Golding and Simpson Miller failed to lead their editorial 26.10.09 reads:
We wish to make two observations. First, when politicians are short of cogent and workable solutions, their default position, usually, is a reach for populist distractions - drawing the red herring, as it were.
The second is that the real test of a democracy is not only its ability to cater to the will of the majority, but how well it acknowledges and protects the rights of the minority, including people with whose ideas and concepts we may not agree. Indeed, it is this latter notion that makes a democracy, even as it remains the best form of government yet devised, the most difficult to manage.
We have been drawn to think on these issues in part because of some of the tone of the parliamentary debate on Jamaica's proposed Charter of Rights, especially remarks by Prime Minister Bruce Golding and Opposition Leader Portia Simpson Miller. They reached for the lowest common denominator and played to the gallery, which, of course, was not necessarily the people sitting in Gordon House. Rather, it was an appeal to their ever-narrowing political base.
Enumerative fashion
The Charter of Rights is a good thing, which has the broad support of this newspaper. It seeks to set out, in enumerative fashion and relatively simple language, the fundamental rights and freedoms of the Jamaican people. Importantly, it seeks to place greater limits on the capacity of the state to derogate those rights.

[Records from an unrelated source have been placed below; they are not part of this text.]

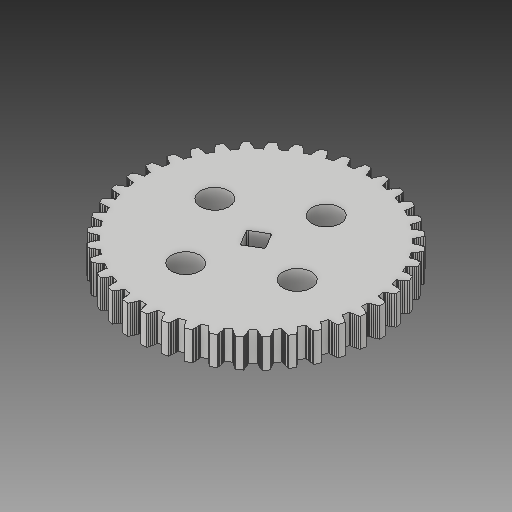
# Autodesk Inventor part: gear40
Saved by Autodesk Inventor 2019 (Build 230136000, 136)
## iProperties
Created: 2018-12-28
Part Number: gear40
Material: Generic
Document SubType Name: Modeling
Designer: Varga Daniel
Density: 1 g/cm^3
Appearance: Default
Sending System: SolidWorks 2018
Last Author: david
Last Saved: 2018-12-28
Author: Varga Daniel
Autodesk Inventor part; units mm, degrees
ref_plane "YZ Plane" through (0, 0, 0) normal (1, 0, 0) x (0, 1, 0)
ref_plane "XZ Plane" through (0, 0, 0) normal (0, 1, 0) x (-1, 0, 0)
ref_plane "XY Plane" through (0, 0, 0) normal (0, 0, 1) x (1, 0, 0)
sketch "Sketch5" plane through (0, 0, 0) normal (0, 1, 0) x (-1, 0, 0)
  line L0 (1.6245, 18.6336) -> (1.5605, 18.6409)
  line L1 (1.5605, 18.6409) -> (1.4964, 18.6492)
  line L2 (1.4964, 18.6492) -> (1.3679, 18.6686)
  line L3 (1.3679, 18.6686) -> (1.1102, 18.7172)
  line L4 (1.1102, 18.7172) -> (0.8515, 18.7777)
  line L5 (0.8515, 18.7777) -> (0.5922, 18.8492)
  line L6 (0.5922, 18.8492) -> (0.3324, 18.931)
  line L7 (0.3324, 18.931) -> (0.0723, 19.0226)
  line L8 (0.0723, 19.0226) -> (0.0134, 20.0093)
  line L9 (0.0134, 20.0093) -> (0.2607, 20.1312)
  line L10 (0.2607, 20.1312) -> (0.5089, 20.2434)
  line L11 (0.5089, 20.2434) -> (0.7578, 20.3453)
  line L12 (0.7578, 20.3453) -> (1.0074, 20.4362)
  line L13 (1.0074, 20.4362) -> (1.2576, 20.5151)
  line L14 (1.2576, 20.5151) -> (1.3828, 20.5496)
  line L15 (1.3828, 20.5496) -> (1.4455, 20.5655)
  line L16 (1.4455, 20.5655) -> (1.5081, 20.5804)
  line L17 (1.5081, 20.5804) -> (1.5283, 21.6521)
  line L18 (1.5283, 21.6521) -> (1.4663, 21.6694)
  line L19 (1.4663, 21.6694) -> (1.4042, 21.6877)
  line L20 (1.4042, 21.6877) -> (1.2804, 21.7268)
  line L21 (1.2804, 21.7268) -> (1.0334, 21.8151)
  line L22 (1.0334, 21.8151) -> (0.7874, 21.9154)
  line L23 (0.7874, 21.9154) -> (0.5425, 22.0266)
  line L24 (0.5425, 22.0266) -> (0.2987, 22.1481)
  line L25 (0.2987, 22.1481) -> (0.0561, 22.2792)
  line L26 (0.0561, 22.2792) -> (0.1523, 23.263)
  line L27 (0.1523, 23.263) -> (0.4156, 23.3447)
  line L28 (0.4156, 23.3447) -> (0.6783, 23.4167)
  line L29 (0.6783, 23.4167) -> (0.9401, 23.4783)
  line L30 (0.9401, 23.4783) -> (1.2009, 23.5291)
  line L31 (1.2009, 23.5291) -> (1.4603, 23.5679)
  line L32 (1.4603, 23.5679) -> (1.5894, 23.5824)
  line L33 (1.5894, 23.5824) -> (1.6537, 23.5883)
  line L34 (1.6537, 23.5883) -> (1.718, 23.5932)
  line L35 (1.718, 23.5932) -> (1.9056, 24.6486)
  line L36 (1.9056, 24.6486) -> (1.847, 24.6754)
  line L37 (1.847, 24.6754) -> (1.7886, 24.7031)
  line L38 (1.7886, 24.7031) -> (1.6724, 24.7612)
  line L39 (1.6724, 24.7612) -> (1.4423, 24.887)
  line L40 (1.4423, 24.887) -> (1.215, 25.0245)
  line L41 (1.215, 25.0245) -> (0.9905, 25.1727)
  line L42 (0.9905, 25.1727) -> (0.7687, 25.3308)
  line L43 (0.7687, 25.3308) -> (0.5496, 25.4982)
  line L44 (0.5496, 25.4982) -> (0.7984, 26.4549)
  line L45 (0.7984, 26.4549) -> (1.0713, 26.4944)
  line L46 (1.0713, 26.4944) -> (1.342, 26.5244)
  line L47 (1.342, 26.5244) -> (1.6103, 26.5443)
  line L48 (1.6103, 26.5443) -> (1.8758, 26.5537)
  line L49 (1.8758, 26.5537) -> (2.1381, 26.5514)
  line L50 (2.1381, 26.5514) -> (2.2678, 26.5455)
  line L51 (2.2678, 26.5455) -> (2.3323, 26.5413)
  line L52 (2.3323, 26.5413) -> (2.3965, 26.5361)
  line L53 (2.3965, 26.5361) -> (2.7469, 27.5491)
  line L54 (2.7469, 27.5491) -> (2.6932, 27.5847)
  line L55 (2.6932, 27.5847) -> (2.6399, 27.6213)
  line L56 (2.6399, 27.6213) -> (2.5342, 27.6968)
  line L57 (2.5342, 27.6968) -> (2.3266, 27.8571)
  line L58 (2.3266, 27.8571) -> (2.1237, 28.0284)
  line L59 (2.1237, 28.0284) -> (1.9251, 28.2099)
  line L60 (1.9251, 28.2099) -> (1.7307, 28.4007)
  line L61 (1.7307, 28.4007) -> (1.5406, 28.6004)
  line L62 (1.5406, 28.6004) -> (1.936, 29.5064)
  line L63 (1.936, 29.5064) -> (2.2117, 29.5027)
  line L64 (2.2117, 29.5027) -> (2.4838, 29.49)
  line L65 (2.4838, 29.49) -> (2.7519, 29.4677)
  line L66 (2.7519, 29.4677) -> (3.0155, 29.4354)
  line L67 (3.0155, 29.4354) -> (3.2742, 29.3922)
  line L68 (3.2742, 29.3922) -> (3.4015, 29.3661)
  line L69 (3.4015, 29.3661) -> (3.4645, 29.3518)
  line L70 (3.4645, 29.3518) -> (3.5271, 29.3366)
  line L71 (3.5271, 29.3366) -> (4.0316, 30.2823)
  line L72 (4.0316, 30.2823) -> (3.9842, 30.3259)
  line L73 (3.9842, 30.3259) -> (3.9372, 30.3703)
  line L74 (3.9372, 30.3703) -> (3.8447, 30.4614)
  line L75 (3.8447, 30.4614) -> (3.6647, 30.6522)
  line L76 (3.6647, 30.6522) -> (3.491, 30.8533)
  line L77 (3.491, 30.8533) -> (3.3233, 31.0636)
  line L78 (3.3233, 31.0636) -> (3.1612, 31.2824)
  line L79 (3.1612, 31.2824) -> (3.0046, 31.5094)
  line L80 (3.0046, 31.5094) -> (3.5369, 32.3423)
  line L81 (3.5369, 32.3423) -> (3.8086, 32.2956)
  line L82 (3.8086, 32.2956) -> (4.0754, 32.2404)
  line L83 (4.0754, 32.2404) -> (4.3367, 32.1765)
  line L84 (4.3367, 32.1765) -> (4.592, 32.1034)
  line L85 (4.592, 32.1034) -> (4.8408, 32.0202)
  line L86 (4.8408, 32.0202) -> (4.9624, 31.9745)
  line L87 (4.9624, 31.9745) -> (5.0224, 31.9505)
  line L88 (5.0224, 31.9505) -> (5.0819, 31.9258)
  line L89 (5.0819, 31.9258) -> (5.7281, 32.7809)
  line L90 (5.7281, 32.7809) -> (5.6881, 32.8314)
  line L91 (5.6881, 32.8314) -> (5.6487, 32.8826)
  line L92 (5.6487, 32.8826) -> (5.5715, 32.9871)
  line L93 (5.5715, 32.9871) -> (5.4236, 33.2037)
  line L94 (5.4236, 33.2037) -> (5.2835, 33.4294)
  line L95 (5.2835, 33.4294) -> (5.1507, 33.6633)
  line L96 (5.1507, 33.6633) -> (5.0248, 33.9049)
  line L97 (5.0248, 33.9049) -> (4.9057, 34.1535)
  line L98 (4.9057, 34.1535) -> (5.5617, 34.893)
  line L99 (5.5617, 34.893) -> (5.8228, 34.8043)
  line L100 (5.8228, 34.8043) -> (6.0776, 34.7081)
  line L101 (6.0776, 34.7081) -> (6.3257, 34.6041)
  line L102 (6.3257, 34.6041) -> (6.5665, 34.4919)
  line L103 (6.5665, 34.4919) -> (6.7992, 34.3708)
  line L104 (6.7992, 34.3708) -> (6.9121, 34.3067)
  line L105 (6.9121, 34.3067) -> (6.9677, 34.2736)
  line L106 (6.9677, 34.2736) -> (7.0225, 34.2398)
  line L107 (7.0225, 34.2398) -> (7.7946, 34.9834)
  line L108 (7.7946, 34.9834) -> (7.7629, 35.0395)
  line L109 (7.7629, 35.0395) -> (7.732, 35.0962)
  line L110 (7.732, 35.0962) -> (7.6721, 35.2115)
  line L111 (7.6721, 35.2115) -> (7.5599, 35.4486)
  line L112 (7.5599, 35.4486) -> (7.4569, 35.6934)
  line L113 (7.4569, 35.6934) -> (7.3623, 35.9452)
  line L114 (7.3623, 35.9452) -> (7.2758, 36.2035)
  line L115 (7.2758, 36.2035) -> (7.197, 36.4677)
  line L116 (7.197, 36.4677) -> (7.9606, 37.0954)
  line L117 (7.9606, 37.0954) -> (8.2046, 36.967)
  line L118 (8.2046, 36.967) -> (8.4412, 36.8321)
  line L119 (8.4412, 36.8321) -> (8.67, 36.6906)
  line L120 (8.67, 36.6906) -> (8.8903, 36.5421)
  line L121 (8.8903, 36.5421) -> (9.1012, 36.3861)
  line L122 (9.1012, 36.3861) -> (9.2027, 36.3051)
  line L123 (9.2027, 36.3051) -> (9.2524, 36.2638)
  line L124 (9.2524, 36.2638) -> (9.3013, 36.2218)
  line L125 (9.3013, 36.2218) -> (10.1802, 36.8354)
  line L126 (10.1802, 36.8354) -> (10.1577, 36.8958)
  line L127 (10.1577, 36.8958) -> (10.136, 36.9567)
  line L128 (10.136, 36.9567) -> (10.0949, 37.0799)
  line L129 (10.0949, 37.0799) -> (10.0212, 37.3316)
  line L130 (10.0212, 37.3316) -> (9.9577, 37.5896)
  line L131 (9.9577, 37.5896) -> (9.9037, 37.8531)
  line L132 (9.9037, 37.8531) -> (9.8586, 38.1217)
  line L133 (9.8586, 38.1217) -> (9.8221, 38.395)
  line L134 (9.8221, 38.395) -> (10.6746, 38.8955)
  line L135 (10.6746, 38.8955) -> (10.8954, 38.7305)
  line L136 (10.8954, 38.7305) -> (11.1081, 38.5603)
  line L137 (11.1081, 38.5603) -> (11.3119, 38.3847)
  line L138 (11.3119, 38.3847) -> (11.5062, 38.2036)
  line L139 (11.5062, 38.2036) -> (11.6901, 38.0165)
  line L140 (11.6901, 38.0165) -> (11.7777, 37.9206)
  line L141 (11.7777, 37.9206) -> (11.8203, 37.872)
  line L142 (11.8203, 37.872) -> (11.862, 37.823)
  line L143 (11.862, 37.823) -> (12.8261, 38.2915)
  line L144 (12.8261, 38.2915) -> (12.8133, 38.3546)
  line L145 (12.8133, 38.3546) -> (12.8014, 38.4182)
  line L146 (12.8014, 38.4182) -> (12.7801, 38.5463)
  line L147 (12.7801, 38.5463) -> (12.7467, 38.8064)
  line L148 (12.7467, 38.8064) -> (12.7243, 39.0711)
  line L149 (12.7243, 39.0711) -> (12.7122, 39.3399)
  line L150 (12.7122, 39.3399) -> (12.7097, 39.6122)
  line L151 (12.7097, 39.6122) -> (12.7164, 39.8879)
  line L152 (12.7164, 39.8879) -> (13.6367, 40.2489)
  line L153 (13.6367, 40.2489) -> (13.829, 40.0513)
  line L154 (13.829, 40.0513) -> (14.0124, 39.8499)
  line L155 (14.0124, 39.8499) -> (14.1862, 39.6447)
  line L156 (14.1862, 39.6447) -> (14.3498, 39.4354)
  line L157 (14.3498, 39.4354) -> (14.5022, 39.2219)
  line L158 (14.5022, 39.2219) -> (14.5737, 39.1134)
  line L159 (14.5737, 39.1134) -> (14.6082, 39.0587)
  line L160 (14.6082, 39.0587) -> (14.6417, 39.0038)
  line L161 (14.6417, 39.0038) -> (15.6672, 39.3157)
  line L162 (15.6672, 39.3157) -> (15.6645, 39.3801)
  line L163 (15.6645, 39.3801) -> (15.6627, 39.4447)
  line L164 (15.6627, 39.4447) -> (15.6617, 39.5746)
  line L165 (15.6617, 39.5746) -> (15.6693, 39.8368)
  line L166 (15.6693, 39.8368) -> (15.6886, 40.1017)
  line L167 (15.6886, 40.1017) -> (15.7187, 40.369)
  line L168 (15.7187, 40.369) -> (15.7589, 40.6384)
  line L169 (15.7589, 40.6384) -> (15.8086, 40.9096)
  line L170 (15.8086, 40.9096) -> (16.774, 41.1222)
  line L171 (16.774, 41.1222) -> (16.9331, 40.897)
  line L172 (16.9331, 40.897) -> (17.0827, 40.6694)
  line L173 (17.0827, 40.6694) -> (17.2223, 40.4394)
  line L174 (17.2223, 40.4394) -> (17.3511, 40.2071)
  line L175 (17.3511, 40.2071) -> (17.4682, 39.9724)
  line L176 (17.4682, 39.9724) -> (17.5219, 39.8541)
  line L177 (17.5219, 39.8541) -> (17.5474, 39.7948)
  line L178 (17.5474, 39.7948) -> (17.5719, 39.7352)
  line L179 (17.5719, 39.7352) -> (18.6336, 39.8829)
  line L180 (18.6336, 39.8829) -> (18.6409, 39.9469)
  line L181 (18.6409, 39.9469) -> (18.6493, 40.011)
  line L182 (18.6493, 40.011) -> (18.6686, 40.1394)
  line L183 (18.6686, 40.1394) -> (18.7172, 40.3972)
  line L184 (18.7172, 40.3972) -> (18.7777, 40.6558)
  line L185 (18.7777, 40.6558) -> (18.8492, 40.9152)
  line L186 (18.8492, 40.9152) -> (18.931, 41.175)
  line L187 (18.931, 41.175) -> (19.0226, 41.435)
  line L188 (19.0226, 41.435) -> (20.0093, 41.494)
  line L189 (20.0093, 41.494) -> (20.1312, 41.2467)
  line L190 (20.1312, 41.2467) -> (20.2434, 40.9985)
  line L191 (20.2434, 40.9985) -> (20.3453, 40.7495)
  line L192 (20.3453, 40.7495) -> (20.4362, 40.4999)
  line L193 (20.4362, 40.4999) -> (20.5151, 40.2498)
  line L194 (20.5151, 40.2498) -> (20.5496, 40.1246)
  line L195 (20.5496, 40.1246) -> (20.5655, 40.0619)
  line L196 (20.5655, 40.0619) -> (20.5804, 39.9993)
  line L197 (20.5804, 39.9993) -> (21.6521, 39.9791)
  line L198 (21.6521, 39.9791) -> (21.6694, 40.0411)
  line L199 (21.6694, 40.0411) -> (21.6877, 40.1031)
  line L200 (21.6877, 40.1031) -> (21.7269, 40.227)
  line L201 (21.7269, 40.227) -> (21.8151, 40.4739)
  line L202 (21.8151, 40.4739) -> (21.9154, 40.7199)
  line L203 (21.9154, 40.7199) -> (22.0266, 40.9649)
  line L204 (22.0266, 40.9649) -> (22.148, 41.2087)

Significantly, however, there is no protection in this charter for the individual who faces discrimination because of his or her sexual orientation. A parliamentary committee that drafted the final recommendations contorted its way out of offering any such protection. That was, and remains, good political cover for Mr Golding and Mrs Simpson Miller and, we dare say, a goodly many members of parliament.
The fact is, Jamaica is deeply homophobic, or pretends to be. Homophobia attends the country's sense of machismo; it frees us to go gay-bashing, and not just figuratively. Indeed, the week before the MPs began to sing their platitudes to the Charter of Rights, a young man was attacked by a mob for his perceived effeminate gait. Happily, he was rescued by the police, for which he might count himself lucky.
Lack of imagination
This brings us back to where we started. The debate is taking place in the middle of a deep economic crisis, to which the Government has, up to now, displayed a patent lack of imagination or acuity. It has talked!
We are not surprised, in the circumstances, that Mr Golding found it useful to weave into his remarks a declaration that "I will not accept that homosexuality must be accepted as a legitimate form of behaviour or the equivalent of (heterosexual) marriage".
The Jamaican Parliament, Mr Golding added, would not make same-sex unions legal - "not as long as I sit here". And he inveighed against gay-rights lobbyists who wanted to undermine the country's "values or culture".
Mrs Simpson Miller was not as extreme in hiding behind the supposed inability of leaders to be "too far in front of those who are being led" and for the positions of the majority to be taken "scrupulously into consideration".
What, in reality, was on display was weak leadership and, we fear, an unintended endorsement of abuse of and discrimination against people because of their sexual orientation.